De acordo com agentes da Superintendência Regional da Polícia Federal (PF), no Mato Grosso do Sul, o estudante, que é morador de Corumbá, não quis revelar quem receberia as armas e para qual comunidade do Rio de Janeiro elas seriam levadas. Em depoimento, o jovem informou que ganharia R$ 10 mil para realizar o serviço e que as orientações sobre o destino do arsenal seriam recebidas quando ele chegasse na Avenida Brasil. Os policiais acreditam que, por se tratar da mesma rota utilizada pelos pastores, as armas seriam levadas para comunidades de São Gonçalo e Niterói.

“Com o objetivo de dificultar nossas ações, os traficantes passaram a recrutar ‘mulas’ da região (pessoas que se dispõem a realizar o transporte de armas e drogas), que utilizam veículos com placas de suas cidades para não levantar suspeitas”, informou um agente da PRF.

Além do arsenal, os policiais também apreenderam, no carro do estudante, 350 cartuchos de vários calibres, cinco carregadores, um notebook, além de R$ 500 em espécie, quantia dada pelos traficantes para cobrir os gastos com a viagem até o Rio de Janeiro.

Ainda segundo os agentes da PF, todas as armas estavam com as numerações raspadas, sendo possível, portanto, identificar apenas os países fabricantes: Estados Unidos, Áustria, China e Egito. O armamento foi encaminhado para o Setor Técnico-Científico da PF. O estudante foi autuado por tráfico de armas.

De acordo com a PF, a Bolívia e o Paraguai são os principais fornecedores de armas para traficantes do Brasil, principalmente os que agem nas favelas do Rio de Janeiro. Na Bolívia, armas de todos os calibres podem ser compradas até em lojas de eletrodomésticos. Na maioria das vezes, os próprios vendedores indicam aos compradores pessoas para atravessar a fronteira com o material.

Sérgio Rocha Martins, o Gugui, 31 anos

No dia 10 de março, os pastores Sebastião Braz da Fonseca Neto, 42 anos, e Francisco Ferreira Moura, 31, também foram presos, em Miranda, no Mato Grosso do Sul, quando transportavam no Vectra placa HTA 2052 sete fuzis calibre 556. Eles receberiam R$ 20 mil para fazer o serviço.

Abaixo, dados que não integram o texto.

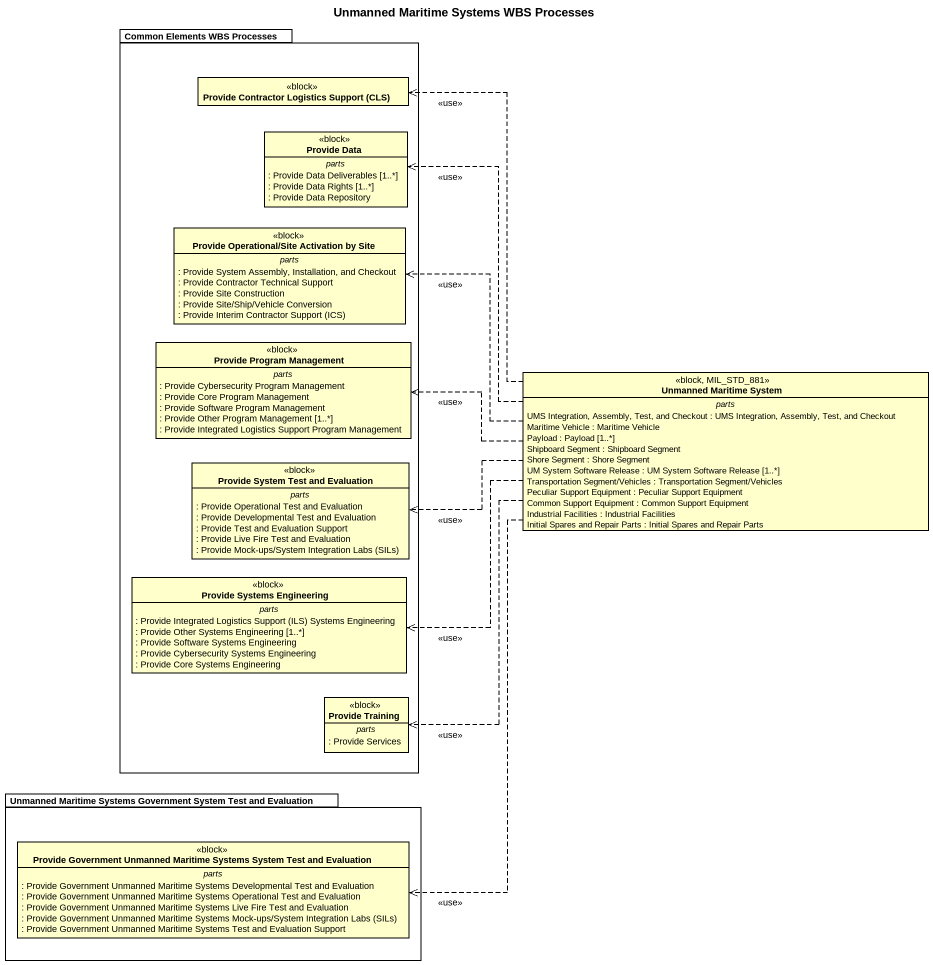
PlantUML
@startuml
title Unmanned Maritime Systems WBS Processes
hide circle
hide empty members
package "Common Elements WBS Processes" as Common_Elements_WBS {
  class "Provide Contractor Logistics Support (CLS)" as Provide_Contractor <<block>>
  class "Provide Data" as Provide_Data <<block>> {
    -- parts --
    : Provide Data Deliverables [1..*]
    : Provide Data Rights [1..*]
    : Provide Data Repository
  }
  class "Provide Operational/Site Activation by Site" as Provide_Operational_Site <<block>> {
    -- parts --
    : Provide System Assembly, Installation, and Checkout
    : Provide Contractor Technical Support
    : Provide Site Construction
    : Provide Site/Ship/Vehicle Conversion
    {field} : Provide Interim Contractor Support (ICS)
  }
  class "Provide Program Management" as Provide_Program_Management <<block>> {
    -- parts --
    : Provide Cybersecurity Program Management
    : Provide Core Program Management
    : Provide Software Program Management
    : Provide Other Program Management [1..*]
    : Provide Integrated Logistics Support Program Management
  }
  class "Provide System Test and Evaluation" as Provide_System_Test_and <<block>> {
    -- parts --
    : Provide Operational Test and Evaluation
    : Provide Developmental Test and Evaluation
    : Provide Test and Evaluation Support
    : Provide Live Fire Test and Evaluation
    {field} : Provide Mock-ups/System Integration Labs (SILs)
  }
  class "Provide Systems Engineering" as Provide_Systems_Engineering <<block>> {
    -- parts --
    {field} : Provide Integrated Logistics Support (ILS) Systems Engineering
    : Provide Other Systems Engineering [1..*]
    : Provide Software Systems Engineering
    : Provide Cybersecurity Systems Engineering
    : Provide Core Systems Engineering
  }
  class "Provide Training" as Provide_Training <<block>> {
    -- parts --
    : Provide Services
  }
}
class "Unmanned Maritime System" as Unmanned_Maritime_System <<block, MIL_STD_881>> {
  -- parts --
  UMS Integration, Assembly, Test, and Checkout : UMS Integration, Assembly, Test, and Checkout
  Maritime Vehicle : Maritime Vehicle
  Payload : Payload [1..*]
  Shipboard Segment : Shipboard Segment
  Shore Segment : Shore Segment
  UM System Software Release : UM System Software Release [1..*]
  Transportation Segment/Vehicles : Transportation Segment/Vehicles
  Peculiar Support Equipment : Peculiar Support Equipment
  Common Support Equipment : Common Support Equipment
  Industrial Facilities : Industrial Facilities
  Initial Spares and Repair Parts : Initial Spares and Repair Parts
}
package "Unmanned Maritime Systems Government System Test and Evaluation" as Unmanned_Maritime_Systems {
  class "Provide Government Unmanned Maritime Systems System Test and Evaluation" as Provide_Government_Unmanned <<block>> {
    -- parts --
    : Provide Government Unmanned Maritime Systems Developmental Test and Evaluation
    : Provide Government Unmanned Maritime Systems Operational Test and Evaluation
    : Provide Government Unmanned Maritime Systems Live Fire Test and Evaluation
    {field} : Provide Government Unmanned Maritime Systems Mock-ups/System Integration Labs (SILs)
    : Provide Government Unmanned Maritime Systems Test and Evaluation Support
  }
}
Unmanned_Maritime_System .up.> Provide_Contractor : <<use>>
Unmanned_Maritime_System .up.> Provide_Data : <<use>>
Unmanned_Maritime_System .left.> Provide_Operational_Site : <<use>>
Unmanned_Maritime_System .left.> Provide_Program_Management : <<use>>
Unmanned_Maritime_System .left.> Provide_System_Test_and : <<use>>
Unmanned_Maritime_System .left.> Provide_Systems_Engineering : <<use>>
Unmanned_Maritime_System ..> Provide_Training : <<use>>
Unmanned_Maritime_System ..> Provide_Government_Unmanned : <<use>>
@enduml

As armas seriam entregues aos traficantes Sérgio Rocha Martins, o Gugui, 31, e Bruno Bezerra da Silva, o Bruninho BR ou Cabelo, 27. Apontado como o chefe do tráfico de drogas no Morro do Martins, em Neves, BR foi preso no último dia 3, no Porto da Pedra, em São Gonçalo. Segundo a Polícia, Gugui é um admirador dos fuzis e teria encomendado as armas a um dos religiosos, que seria seu amigo de infância. Atualmente, o traficante é considerado um dos principais “matutos” das bocas-de-fumo controladas pela facção criminosa Comando Vermelho (CV) no eixo Niterói -São Gonçalo.

Bruno Bezerra da Silva, o Bruninho BR ou Cabelo, 27 anos

Preso em 2006 por agentes da Delegacia de Repressão a Armas e Explosivos (Drae) no Morro do Tabajaras, em Copacabana, na Zona Sul do Rio, Gugui foi beneficiado com a liberdade condicional há cerca de 10 meses. Nesse período, ele encontrou o apoio de criminosos do Morro da Mangueira, em São Cristóvão, na Zona Norte do Rio, e da Favela do Fallet, em Santa Teresa, na região central da capital fluminense.